ウォーキングが退屈なら、ランニングを試す。一人が嫌なら、グループレッスンへ。ジムが遠いなら、自重トレーニングを自宅で。
私自身、クロスフィットの前にジム通いを3ヶ月で挫折した経験があります。一人で黙々とマシンを動かす時間が、どうしても退屈で続かなかった。でも、クロスフィットのグループ形式に出会って「これだ」と思いました。「合う運動」は人によって違います。やってみないとわかりません。

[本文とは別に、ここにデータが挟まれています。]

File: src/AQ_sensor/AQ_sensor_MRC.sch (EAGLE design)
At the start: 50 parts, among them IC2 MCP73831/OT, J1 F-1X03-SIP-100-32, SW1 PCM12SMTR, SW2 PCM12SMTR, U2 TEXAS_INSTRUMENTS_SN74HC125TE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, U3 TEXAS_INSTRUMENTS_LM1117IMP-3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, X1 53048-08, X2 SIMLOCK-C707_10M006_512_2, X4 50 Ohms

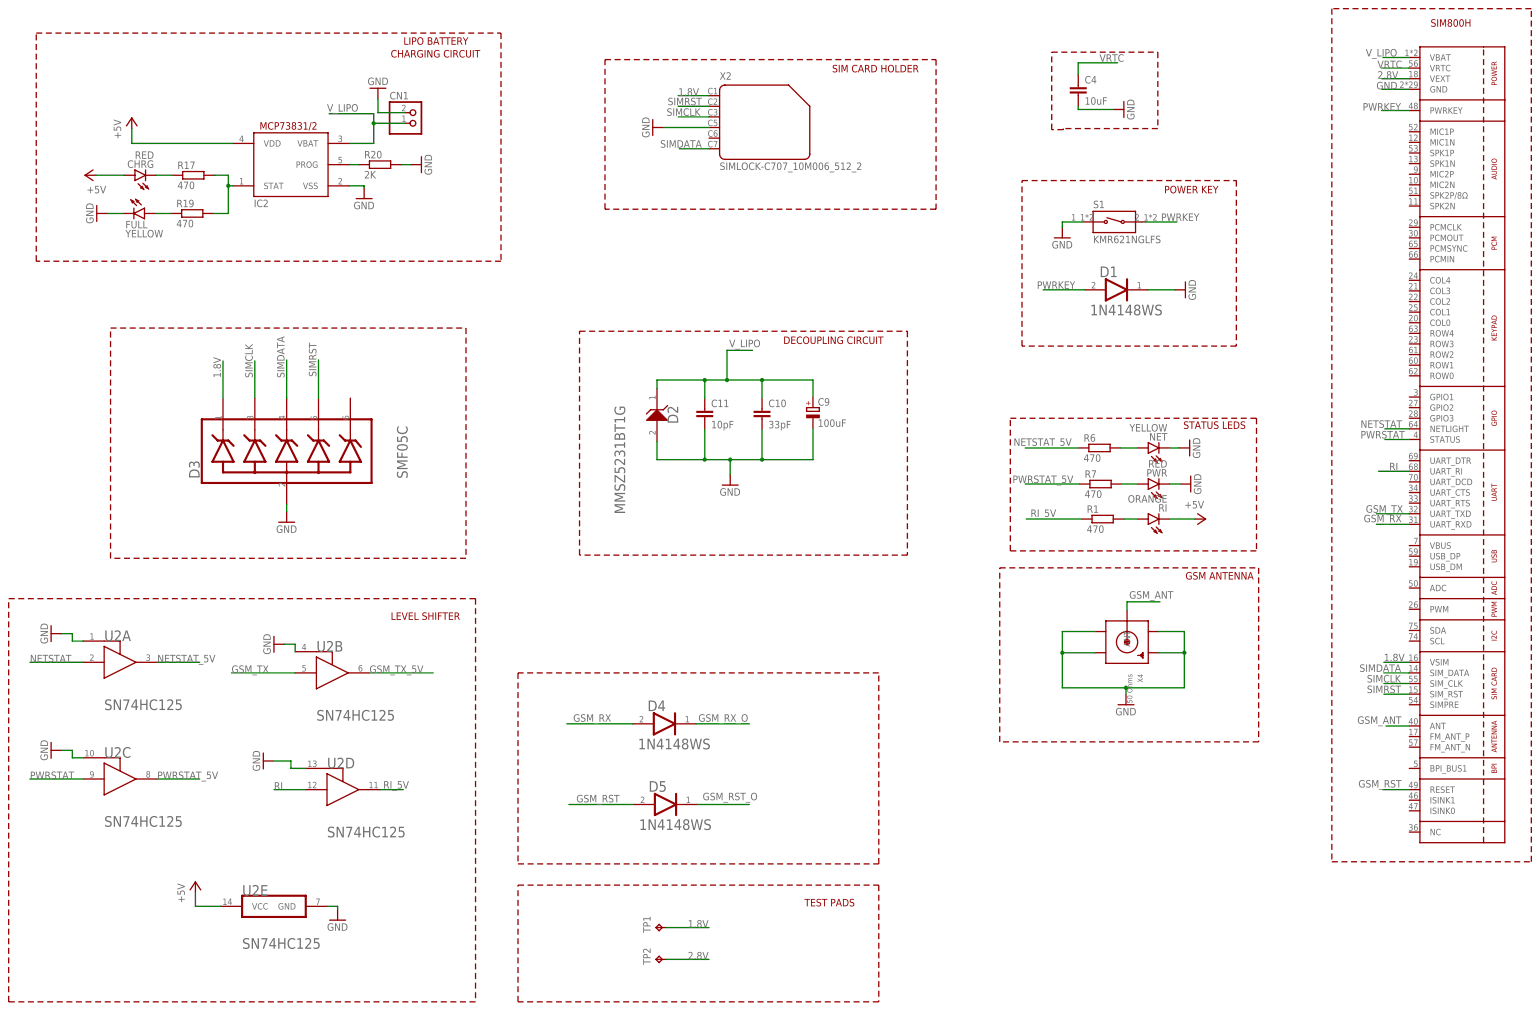
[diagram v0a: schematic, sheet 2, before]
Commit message: Added Managed library to design
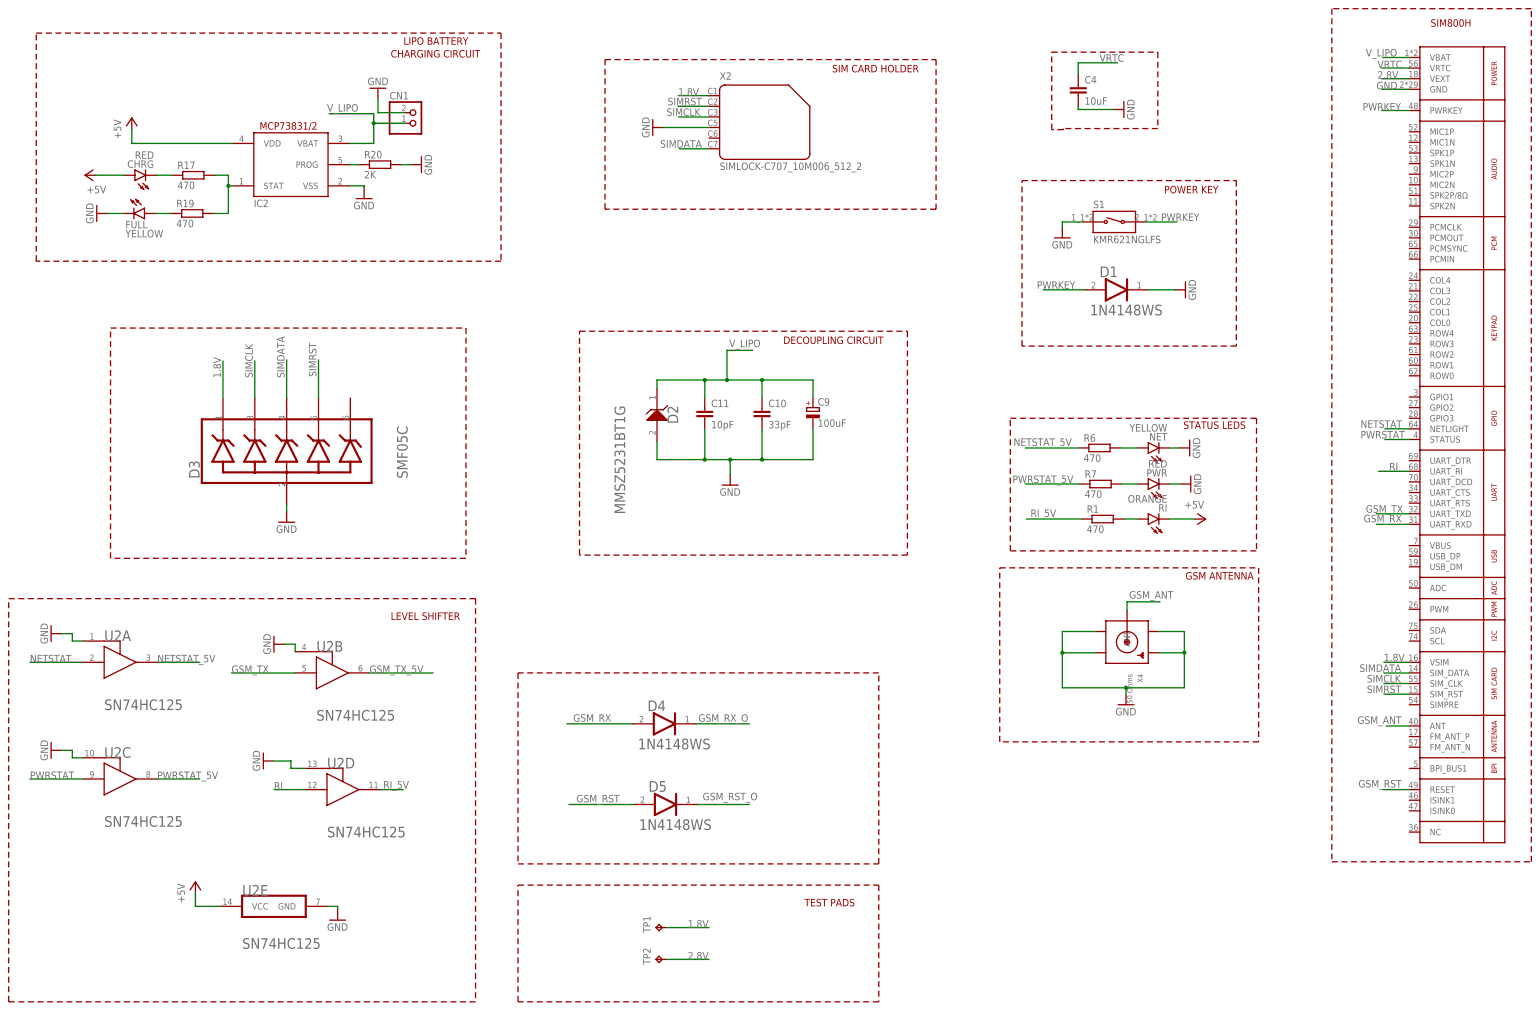
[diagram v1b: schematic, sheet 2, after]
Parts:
- CN1: device AQ_sensor_WB_KE_KNBS:JST_2PIN-SMT-RA -> AQ_sensor_MRC:JST_2PIN-SMT-RA
- D1, D4, D5: device ON Semi - 1N4148WS:ON_SEMI_1N4148WSON_SEMI_1N4148WS_0_0 -> AQ_sensor_MRC:ON_SEMI_1N4148WSON_SEMI_1N4148WS_0_0
- D2: device On Semiconductor - MMSZ5231BT1G:ON_SEMICONDUCTOR_MMSZ5231BT1GON_SEMICONDUCTOR_MMSZ5231BT1G_0_0 -> AQ_sensor_MRC:ON_SEMICONDUCTOR_MMSZ5231BT1GON_SEMICONDUCTOR_MMSZ5231BT1G_0_0
- D3: device Semtech - SMF05C:SEMTECH_SMF05CSEMTECH_SMF05C_0_0 -> AQ_sensor_MRC:SEMTECH_SMF05CSEMTECH_SMF05C_0_0
- H1, H2, H3, H4: device AQ_sensor_WB_KE_KNBS:MOUNT-PAD-ROUND2.8 -> AQ_sensor_MRC:MOUNT-PAD-ROUND2.8
- IC2: device adafruit:MCP73831/OT -> AQ_sensor_MRC:MCP73831/OT
- J1: device AQ_sensor_WB_KE_KNBS:F-1X03-SIP-100-32 -> AQ_sensor_MRC:F-1X03-SIP-100-32
- MICRO_USB: device AQ_sensor_WB_KE_KNBS:10118192-0001LF -> AQ_sensor_MRC:10118192-0001LF
- S1: device KMR621NGLFS:KMR621NGLFS -> AQ_sensor_MRC:KMR621NGLFS
- SV1, SV2: device AQ_sensor_WB_KE_KNBS:FE15-1 -> AQ_sensor_MRC:FE15-1
- SW1, SW2: device AQ_sensor_WB_KE_KNBS:PCM12SMTR -> AQ_sensor_MRC:PCM12SMTR
- U1: device adafruit:GSM_SIM800L -> AQ_sensor_MRC:GSM_SIM800L
- U2: device Texas Instruments - SN74HC125:TEXAS_INSTRUMENTS_SN74HC125TEXAS_INSTRUMENTS_SN74HC125_0_0 -> AQ_sensor_MRC:TEXAS_INSTRUMENTS_SN74HC125TEXAS_INSTRUMENTS_SN74HC125_0_0
- U3: device AQ_sensor_WB_KE_KNBS:TEXAS_INSTRUMENTS_LM1117IMP-3.3-NOPBTEXAS_INSTRUMENTS_LM1117IMP-3.3-NOPB_0_0 -> AQ_sensor_MRC:TEXAS_INSTRUMENTS_LM1117IMP-3.3-NOPBTEXAS_INSTRUMENTS_LM1117IMP-3.3-NOPB_0_0
- X1: device AQ_sensor_WB_KE_KNBS:53048-08 -> AQ_sensor_MRC:53048-08
- X2: device con-amphenol:SIMLOCK-C707_10M006_512_2 -> AQ_sensor_MRC:SIMLOCK-C707_10M006_512_2
- X4: device adafruit:SMACONNECTOR_EDGE_UFL -> AQ_sensor_MRC:SMACONNECTOR_EDGE_UFL

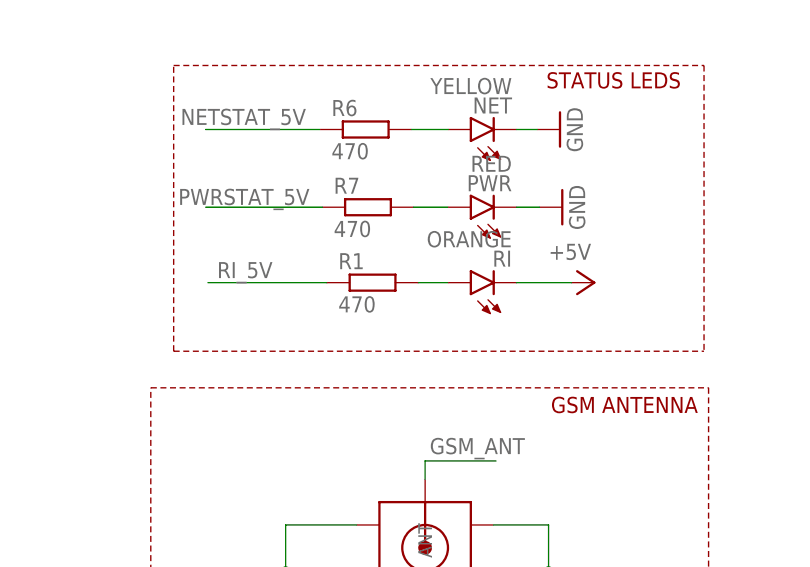
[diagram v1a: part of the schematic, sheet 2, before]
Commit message: Modifed RI LED connection
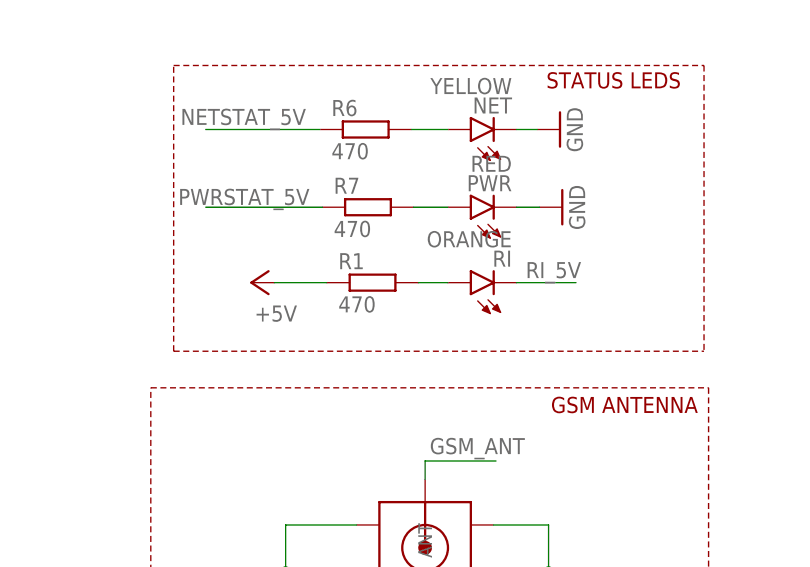
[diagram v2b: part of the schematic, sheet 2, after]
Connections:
- net +5V: now also R1.1; no longer RI.C
- net RI_5V: now also RI.C; no longer R1.1
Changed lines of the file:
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@@
 <setting verticaltext="up"/>
 </settings>
-<grid distance="0.1" unitdist="inch" unit="inch" style="lines" multiple="1" display="no" altdistance="0.01" altunitdist="inch" altunit="inch"/>
+<grid distance="0.01" unitdist="inch" unit="inch" style="dots" multiple="1" display="yes" altdistance="0.01" altunitdist="inch" altunit="inch"/>
 <layers>
 <layer number="1" name="Top" color="4" fill="1" visible="no" active="no"/>
@@
 <attribute name="VALUE" x="290.068" y="128.905" size="1.778" layer="96" rot="R180"/>
 </instance>
-<instance part="P+8" gate="1" x="299.212" y="123.19" smashed="yes" rot="R270">
-<attribute name="VALUE" x="294.132" y="125.73" size="1.778" layer="96"/>
+<instance part="P+8" gate="1" x="261.112" y="123.19" smashed="yes" rot="R90">
+<attribute name="VALUE" x="266.192" y="120.65" size="1.778" layer="96" rot="R180"/>
 </instance>
 </instances>
@@
 </segment>
 <segment>
-<pinref part="RI" gate="G$1" pin="C"/>
 <pinref part="P+8" gate="1" pin="+5V"/>
-<wire x1="290.576" y1="123.19" x2="296.672" y2="123.19" width="0.1524" layer="91"/>
+<pinref part="R1" gate="G$1" pin="1"/>
+<wire x1="263.652" y1="123.19" x2="269.494" y2="123.19" width="0.1524" layer="91"/>
 </segment>
 </net>
@@
 </segment>
 <segment>
-<pinref part="R1" gate="G$1" pin="1"/>
-<wire x1="269.494" y1="123.19" x2="256.286" y2="123.19" width="0.1524" layer="91"/>
-<label x="257.302" y="123.698" size="1.778" layer="95"/>
-</segment>
-</net>
+<pinref part="RI" gate="G$1" pin="C"/>
+<wire x1="290.576" y1="123.19" x2="297.18" y2="123.19" width="0.1524" layer="91"/>
+<label x="291.592" y="123.698" size="1.778" layer="95"/>
+</segment>
+</net>

もし迷ったら、まずウォーキングから始めてください。最もハードルが低く、リスクも低い。歩きながら「次に何を試そうか」を考えればいいのです。
あなたの入口は、どれですか。
この章のポイント
- 自己決定理論が示す通り、運動は「自分で選んだ」ものほど続く。自己選択型は継続率が42%高い
- 5つの入口。ウォーキング・ランニング・ジム・グループレッスン・自重。それぞれに向き不向きがある
- 初期コスト・継続コスト・社会性・ケガのリスク・時間の柔軟性で比較して、生活スタイルに合わせて選ぶ
- 正解を選ぶことより、まず一つ試すこと。合わなければ変えればいい
参考文献 [1] Ryan RM, Deci EL. Self-determination theory and the facilitation of intrinsic motivation, social development, and well-being. Am Psychol. 2000;55(1):68-78. [2] Ntoumanis N, et al. A meta-analysis of self-determination theory-informed intervention studies in the health domain. Health Psychol Rev. 2021;15(2):214-244. [3] Banach M, et al. The association between daily step count and all-cause and cardiovascular mortality: a meta-analysis. Eur J Prev Cardiol. 2023;31(1):18-29. [4] Pedisic Z, et al. Is running associated with a lower risk of all-cause, cardiovascular and cancer mortality, and is the more the better? A systematic review and meta-analysis. Br J Sports Med. 2020;54(15):898-905. [5] Momma H, et al. Muscle-strengthening activities are associated with lower risk and mortality in major non-communicable diseases: a systematic review and meta-analysis of cohort studies. Br J Sports Med. 2022;56(13):755-763. [6] Yorks DM, et al. Effects of group fitness classes on stress and quality of life among exercisers. J Am Osteopath Assoc. 2017;117(11):e17-e25. [7] Harrison JS. Bodyweight training: a return to basics. Strength Cond J. 2010;32(2):52-55.